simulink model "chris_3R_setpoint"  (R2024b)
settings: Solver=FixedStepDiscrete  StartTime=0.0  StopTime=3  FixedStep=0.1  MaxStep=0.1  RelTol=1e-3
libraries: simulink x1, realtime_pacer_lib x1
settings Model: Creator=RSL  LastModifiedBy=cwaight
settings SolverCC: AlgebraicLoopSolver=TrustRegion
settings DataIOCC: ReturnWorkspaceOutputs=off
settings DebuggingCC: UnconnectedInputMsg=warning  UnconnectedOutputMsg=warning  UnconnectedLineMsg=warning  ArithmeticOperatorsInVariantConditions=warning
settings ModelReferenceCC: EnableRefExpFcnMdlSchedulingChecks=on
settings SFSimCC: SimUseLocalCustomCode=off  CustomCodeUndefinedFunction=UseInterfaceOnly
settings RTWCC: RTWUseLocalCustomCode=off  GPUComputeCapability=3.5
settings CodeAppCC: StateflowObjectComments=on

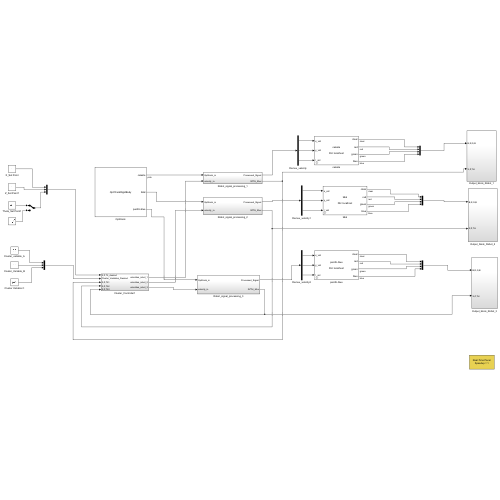
[thumbnail: Simulink's stored preview of the top-level diagram]
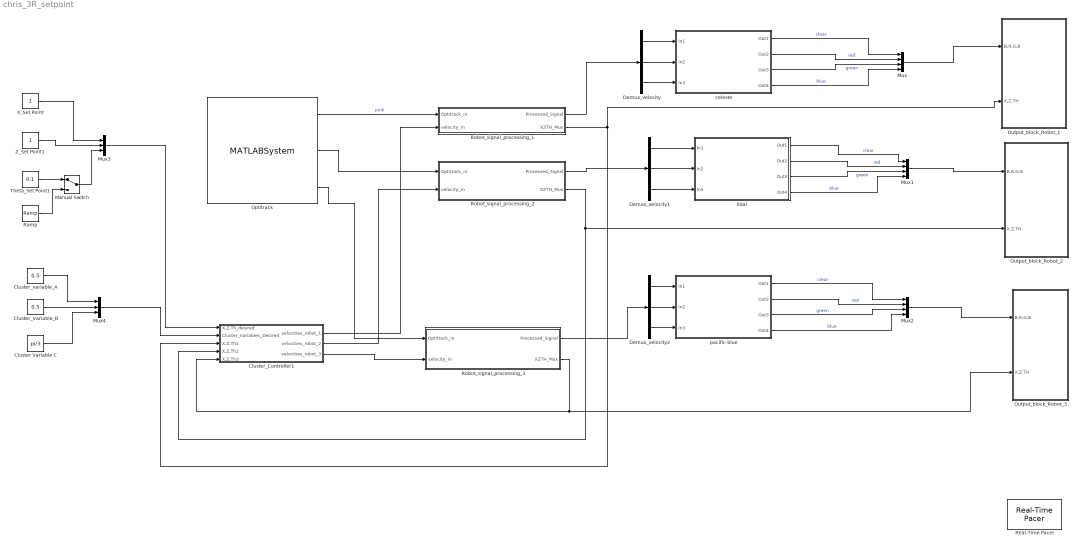
== system chris_3R_setpoint ==
  Cluster Variable C : Constant  Value=pi/3
  Cluster_Controller1 : Subsystem
  Cluster_Variable_B : Constant  Value=0.5
  Cluster_variable_A : Constant  Value=0.5
  Demux_velocity : Demux  Outputs=3
  Demux_velocity1 : Demux  Outputs=3
  Demux_velocity2 : Demux  Outputs=3
  Manual Switch : ManualSwitch
  Mux : Mux
  Mux1 : Mux
  Mux2 : Mux
  Mux3 : Mux  Inputs=3
  Mux4 : Mux  Inputs=3
  Optitrack : MATLABSystem  System=OptiTrackRigidBody  coordinateTransformationMatrix=[ 1, 0, 0; 0, 0, 1; 0, -1, 0 ]  rigidBodyNames={ 'celeste','tidal','pacific-blue'}  orientationFormat=Euler angles  debug=on  natNetHostAddress=127.0.0.1  natNetClientAddress=127.0.0.1  dllPath=C:\DecaMATLAB\NatNetSDK\lib\x64\NatNetML.dll  unicast=off
      mask Type: OptiTrackRigidBody
      mask Display:
      | disp('OptiTrackRigidBody');
      | port_label('output',1,'celeste');
      | port_label('output',2,'tidal');
      | port_label('output',3,'pacific-blue');
  Output_block_Robot_1 : Subsystem
  Output_block_Robot_2 : Subsystem
  Output_block_Robot_3 : Subsystem
  Ramp : simulink/Sources/Ramp  slope=1  start=0  InitialOutput=0.1
  Real-Time Pacer : realtime_pacer_lib/Real-Time Pacer  simTimePerRealTime=1
  Robot_signal_processing_1 : Subsystem
  Robot_signal_processing_2 : Subsystem
  Robot_signal_processing_3 : Subsystem
  "Theta_Set Point1 " : Constant  Value=0.1
  X_Set Point : Constant
  Z_Set Point1 : Constant
  celeste : Subsystem  mask(DecabotMask){robotName=celeste, decabotHelper=localhost, robotAddress=, useDataTurbine=off, useDirectSocket=on, debug=off}
      mask prompts: robotName "Robot name:"; decabotHelper "DecabotHelper/DataTurbine server:"; robotAddress "Robot network address (optional):"; useDataTurbine "Use DataTurbine"; useDirectSocket "Use direct robot TCP connection"; debug "Log debug messages"
      mask help: This is a masked subsystem that contains a Decabot block for bidirectional communication with a decabot over a direct TCP socket connection.
      mask init:
      | robotName = 'Nobody';
      | decabotHelper = 'localhost';
      | robotAddress = '';
      | useDataTurbine = true;
      | debug = true;
      mask TypeOptions robotName: decabot/robotName
      mask Callback robotName:
      | try
      |     set_param( gcb( ), 'Name', get_param( gcb( ), 'robotName' ) );
      | end
      mask TypeOptions decabotHelper: decabot/decabotHelper
      mask TypeOptions robotAddress: decabot/robotAddress
      mask TypeOptions useDataTurbine: decabot/useDataTurbine
      mask TypeOptions useDirectSocket: decabot/useDirectSocket
      mask TypeOptions debug: decabot/debug
      mask Display:
      | disp( [get_param( gcb( ), 'robotName' ) '\n\nDH: ' get_param( gcb( ), 'decabotHelper' ) ] );
      | 
      | port_label('input',1,'x_vel');
      | port_label('input',2,'y_vel');
      | port_label('input',3,'t_vel');
      | 
      | port_label('output',1,'clear');
      | port_label('output',2,'red');
      | port_label('output',3,'green');
      | port_label('output',4,'blue');
  pacific-blue : Subsystem  mask(DecabotMask){robotName=pacific-blue, decabotHelper=localhost, robotAddress=, useDataTurbine=off, useDirectSocket=on, debug=off}
      mask prompts: robotName "Robot name:"; decabotHelper "DecabotHelper/DataTurbine server:"; robotAddress "Robot network address (optional):"; useDataTurbine "Use DataTurbine"; useDirectSocket "Use direct robot TCP connection"; debug "Log debug messages"
      mask help: This is a masked subsystem that contains a Decabot block for bidirectional communication with a decabot over a direct TCP socket connection.
      mask init:
      | robotName = 'Nobody';
      | decabotHelper = 'localhost';
      | robotAddress = '';
      | useDataTurbine = true;
      | debug = true;
      mask TypeOptions robotName: decabot/robotName
      mask Callback robotName:
      | try
      |     set_param( gcb( ), 'Name', get_param( gcb( ), 'robotName' ) );
      | end
      mask TypeOptions decabotHelper: decabot/decabotHelper
      mask TypeOptions robotAddress: decabot/robotAddress
      mask TypeOptions useDataTurbine: decabot/useDataTurbine
      mask TypeOptions useDirectSocket: decabot/useDirectSocket
      mask TypeOptions debug: decabot/debug
      mask Display:
      | disp( [get_param( gcb( ), 'robotName' ) '\n\nDH: ' get_param( gcb( ), 'decabotHelper' ) ] );
      | 
      | port_label('input',1,'x_vel');
      | port_label('input',2,'y_vel');
      | port_label('input',3,'t_vel');
      | 
      | port_label('output',1,'clear');
      | port_label('output',2,'red');
      | port_label('output',3,'green');
      | port_label('output',4,'blue');
  tidal : Subsystem  mask(DecabotMask){robotName=tidal, decabotHelper=localhost, robotAddress=, useDataTurbine=off, useDirectSocket=on, debug=off}
      mask prompts: robotName "Robot name:"; decabotHelper "DecabotHelper/DataTurbine server:"; robotAddress "Robot network address (optional):"; useDataTurbine "Use DataTurbine"; useDirectSocket "Use direct robot TCP connection"; debug "Log debug messages"
      mask help: This is a masked subsystem that contains a Decabot block for bidirectional communication with a decabot over a direct TCP socket connection.
      mask init:
      | robotName = 'Nobody';
      | decabotHelper = 'localhost';
      | robotAddress = '';
      | useDataTurbine = true;
      | debug = true;
      mask TypeOptions robotName: decabot/robotName
      mask Callback robotName:
      | try
      |     set_param( gcb( ), 'Name', get_param( gcb( ), 'robotName' ) );
      | end
      mask TypeOptions decabotHelper: decabot/decabotHelper
      mask TypeOptions robotAddress: decabot/robotAddress
      mask TypeOptions useDataTurbine: decabot/useDataTurbine
      mask TypeOptions useDirectSocket: decabot/useDirectSocket
      mask TypeOptions debug: decabot/debug
      mask Display:
      | disp( [get_param( gcb( ), 'robotName' ) '\n\nDH: ' get_param( gcb( ), 'decabotHelper' ) ] );
      | 
      | port_label('input',1,'x_vel');
      | port_label('input',2,'y_vel');
      | port_label('input',3,'t_vel');
      | 
      | port_label('output',1,'clear');
      | port_label('output',2,'red');
      | port_label('output',3,'green');
      | port_label('output',4,'blue');
  wires:
  Demux_velocity/3 -> celeste/3(In3)
  Demux_velocity/1 -> celeste/1(In1)
  Demux_velocity/2 -> celeste/2(In2)
  X_Set Point/1 -> Mux3/1
  Optitrack/1 -> Robot_signal_processing_1/1(Optitrack_in)  "pink"
  Robot_signal_processing_1/1(Processed_Signal) -> Demux_velocity/1
  celeste/1(Out1) -> Mux/1  "clear"
  celeste/2(Out2) -> Mux/2  "red"
  celeste/3(Out3) -> Mux/3  "green"
  celeste/4(Out4) -> Mux/4  "blue"
  Robot_signal_processing_1/2(XZTH_Mux) -> Output_block_Robot_1/2(X,Z,TH), Cluster_Controller1/3(X,Z,Th1)
  Mux/1 -> Output_block_Robot_1/1(B,R,G,B)
  Demux_velocity1/3 -> tidal/3(In3)
  Demux_velocity1/1 -> tidal/1(In1)
  Demux_velocity1/2 -> tidal/2(In2)
  Robot_signal_processing_2/1(Processed_Signal) -> Demux_velocity1/1
  tidal/1(Out1) -> Mux1/1  "clear"
  tidal/2(Out2) -> Mux1/2  "red"
  tidal/3(Out3) -> Mux1/3  "green"
  tidal/4(Out4) -> Mux1/4  "blue"
  Mux1/1 -> Output_block_Robot_2/1(B,R,G,B)
  Demux_velocity2/3 -> pacific-blue/3(In3)
  Demux_velocity2/1 -> pacific-blue/1(In1)
  Demux_velocity2/2 -> pacific-blue/2(In2)
  Robot_signal_processing_3/1(Processed_Signal) -> Demux_velocity2/1
  pacific-blue/1(Out1) -> Mux2/1  "clear"
  pacific-blue/2(Out2) -> Mux2/2  "red"
  pacific-blue/3(Out3) -> Mux2/3  "green"
  pacific-blue/4(Out4) -> Mux2/4  "blue"
  Mux2/1 -> Output_block_Robot_3/1(B,R,G,B)
  Robot_signal_processing_3/2(XZTH_Mux) -> Output_block_Robot_3/2(X,Z,TH), Cluster_Controller1/5(X,Z,Th3)
  Optitrack/2 -> Robot_signal_processing_2/1(Optitrack_in)
  Optitrack/3 -> Robot_signal_processing_3/1(Optitrack_in)
  Cluster_Controller1/1(velocities_robot_1) -> Robot_signal_processing_1/2(velocity_in)
  Z_Set Point1/1 -> Mux3/2
  Cluster_Controller1/3(velocities_robot_3) -> Robot_signal_processing_3/2(velocity_in)
  Mux3/1 -> Cluster_Controller1/1(X,Z,Th_desired)
  Cluster_Controller1/2(velocities_robot_2) -> Robot_signal_processing_2/2(velocity_in)
  Cluster_variable_A/1 -> Mux4/1
  Cluster_Variable_B/1 -> Mux4/2
  Cluster Variable C/1 -> Mux4/3
  Mux4/1 -> Cluster_Controller1/2(Cluster_Variables_Desired)
  Robot_signal_processing_2/2(XZTH_Mux) -> Cluster_Controller1/4(X,Z,Th2), Output_block_Robot_2/2(X,Z,TH)
  Ramp/1 -> Manual Switch/2
  "Theta_Set Point1 "/1 -> Manual Switch/1
  Manual Switch/1 -> Mux3/3

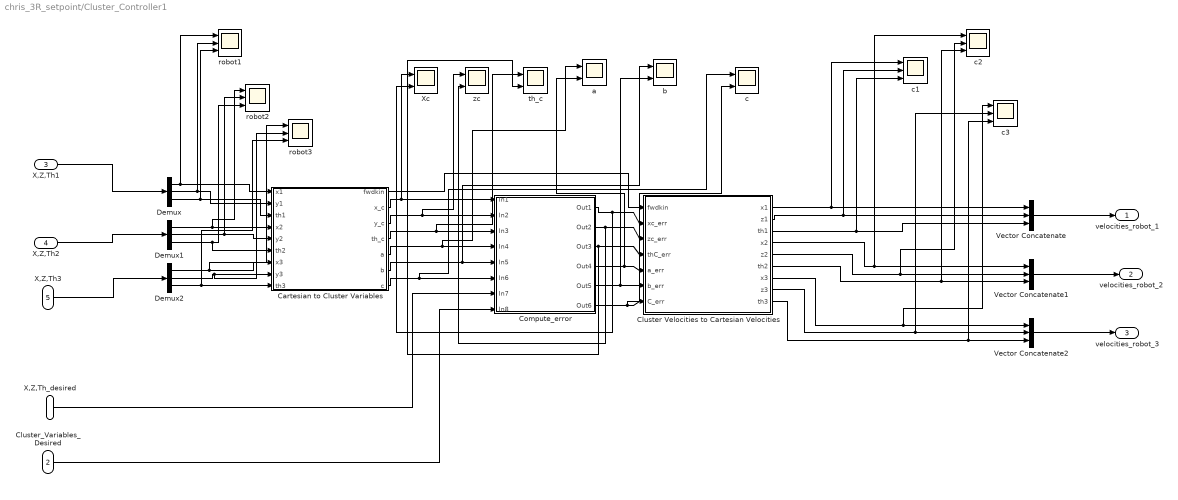
== system chris_3R_setpoint/Cluster_Controller1 ==
  X,Z,Th_desired : Inport
  Cluster_Variables_Desired : Inport  Port=2
  X,Z,Th1 : Inport  Port=3
  X,Z,Th2 : Inport  Port=4
  X,Z,Th3 : Inport  Port=5
  Cartesian to Cluster Variables : MATLAB Function  TreatAsAtomicUnit=on
  Cluster Velocities to Cartesian Velocities : MATLAB Function  TreatAsAtomicUnit=on
  Compute_error : Subsystem
  Demux : Demux  Outputs=3
  Demux1 : Demux  Outputs=3
  Demux2 : Demux  Outputs=3
  Vector Concatenate : Concatenate  NumInputs=3
  Vector Concatenate1 : Concatenate  NumInputs=3
  Vector Concatenate2 : Concatenate  NumInputs=3
  Xc : Scope  NumInputPorts=2
  a : Scope  NumInputPorts=2
  b : Scope  NumInputPorts=2
  c : Scope  NumInputPorts=2
  c1 : Scope  NumInputPorts=3
  c2 : Scope  NumInputPorts=3
  c3 : Scope  NumInputPorts=3
  robot1 : Scope  NumInputPorts=3
  robot2 : Scope  NumInputPorts=3
  robot3 : Scope  NumInputPorts=3
  th_c : Scope  NumInputPorts=2
  zc : Scope  NumInputPorts=2
  velocities_robot_1 : Outport
  velocities_robot_2 : Outport  Port=2
  velocities_robot_3 : Outport  Port=3
  wires:
  X,Z,Th1/1 -> Demux/1
  X,Z,Th2/1 -> Demux1/1
  X,Z,Th3/1 -> Demux2/1
  Vector Concatenate/1 -> velocities_robot_1/1
  Cluster Velocities to Cartesian Velocities/2(z1) -> c1/2, Vector Concatenate/2
  Cluster Velocities to Cartesian Velocities/1(x1) -> c1/1, Vector Concatenate/1
  Vector Concatenate1/1 -> velocities_robot_2/1
  Cluster Velocities to Cartesian Velocities/5(z2) -> c2/2, Vector Concatenate1/2
  Cluster Velocities to Cartesian Velocities/4(x2) -> c2/1, Vector Concatenate1/1
  Vector Concatenate2/1 -> velocities_robot_3/1
  Cluster Velocities to Cartesian Velocities/8(z3) -> c3/2, Vector Concatenate2/2
  Cluster Velocities to Cartesian Velocities/7(x3) -> c3/1, Vector Concatenate2/1
  Demux/1 -> robot1/1, Cartesian to Cluster Variables/1(x1)
  Demux/2 -> robot1/2, Cartesian to Cluster Variables/2(y1)
  Demux/3 -> robot1/3, Cartesian to Cluster Variables/3(th1)
  Demux1/1 -> robot2/1, Cartesian to Cluster Variables/4(x2)
  Demux1/2 -> robot2/2, Cartesian to Cluster Variables/5(y2)
  Demux1/3 -> robot2/3, Cartesian to Cluster Variables/6(th2)
  Demux2/1 -> robot3/1, Cartesian to Cluster Variables/7(x3)
  Demux2/2 -> robot3/2, Cartesian to Cluster Variables/8(y3)
  Demux2/3 -> robot3/3, Cartesian to Cluster Variables/9(th3)
  Cartesian to Cluster Variables/2(x_c) -> Xc/1, Compute_error/1(In1)
  Cartesian to Cluster Variables/3(y_c) -> zc/1, Compute_error/2(In2)
  Cartesian to Cluster Variables/4(th_c) -> th_c/1, Compute_error/3(In3)
  Cartesian to Cluster Variables/5(a) -> a/1, Compute_error/4(In4)
  Cartesian to Cluster Variables/6(b) -> b/1, Compute_error/5(In5)
  Cartesian to Cluster Variables/7(c) -> c/1, Compute_error/6(In6)
  X,Z,Th_desired/1 -> Compute_error/7(In7)
  Cluster_Variables_Desired/1 -> Compute_error/8(In8)
  Compute_error/1(Out1) -> Xc/2, Cluster Velocities to Cartesian Velocities/2(xc_err)
  Compute_error/2(Out2) -> zc/2, Cluster Velocities to Cartesian Velocities/3(zc_err)
  Compute_error/3(Out3) -> th_c/2, Cluster Velocities to Cartesian Velocities/4(thC_err)
  Compute_error/4(Out4) -> a/2, Cluster Velocities to Cartesian Velocities/5(a_err)
  Compute_error/5(Out5) -> b/2, Cluster Velocities to Cartesian Velocities/6(b_err)
  Compute_error/6(Out6) -> c/2, Cluster Velocities to Cartesian Velocities/7(C_err)
  Cartesian to Cluster Variables/1(fwdkin) -> Cluster Velocities to Cartesian Velocities/1(fwdkin)
  Cluster Velocities to Cartesian Velocities/3(th1) -> c1/3, Vector Concatenate/3
  Cluster Velocities to Cartesian Velocities/6(th2) -> c2/3, Vector Concatenate1/3
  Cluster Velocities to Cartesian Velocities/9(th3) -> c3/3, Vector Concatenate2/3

- Task goal -
Filter these records, keeping every line where the word "NumInputs" occurs.

- Result of the exercise -
  Vector Concatenate : Concatenate  NumInputs=3
  Vector Concatenate1 : Concatenate  NumInputs=3
  Vector Concatenate2 : Concatenate  NumInputs=3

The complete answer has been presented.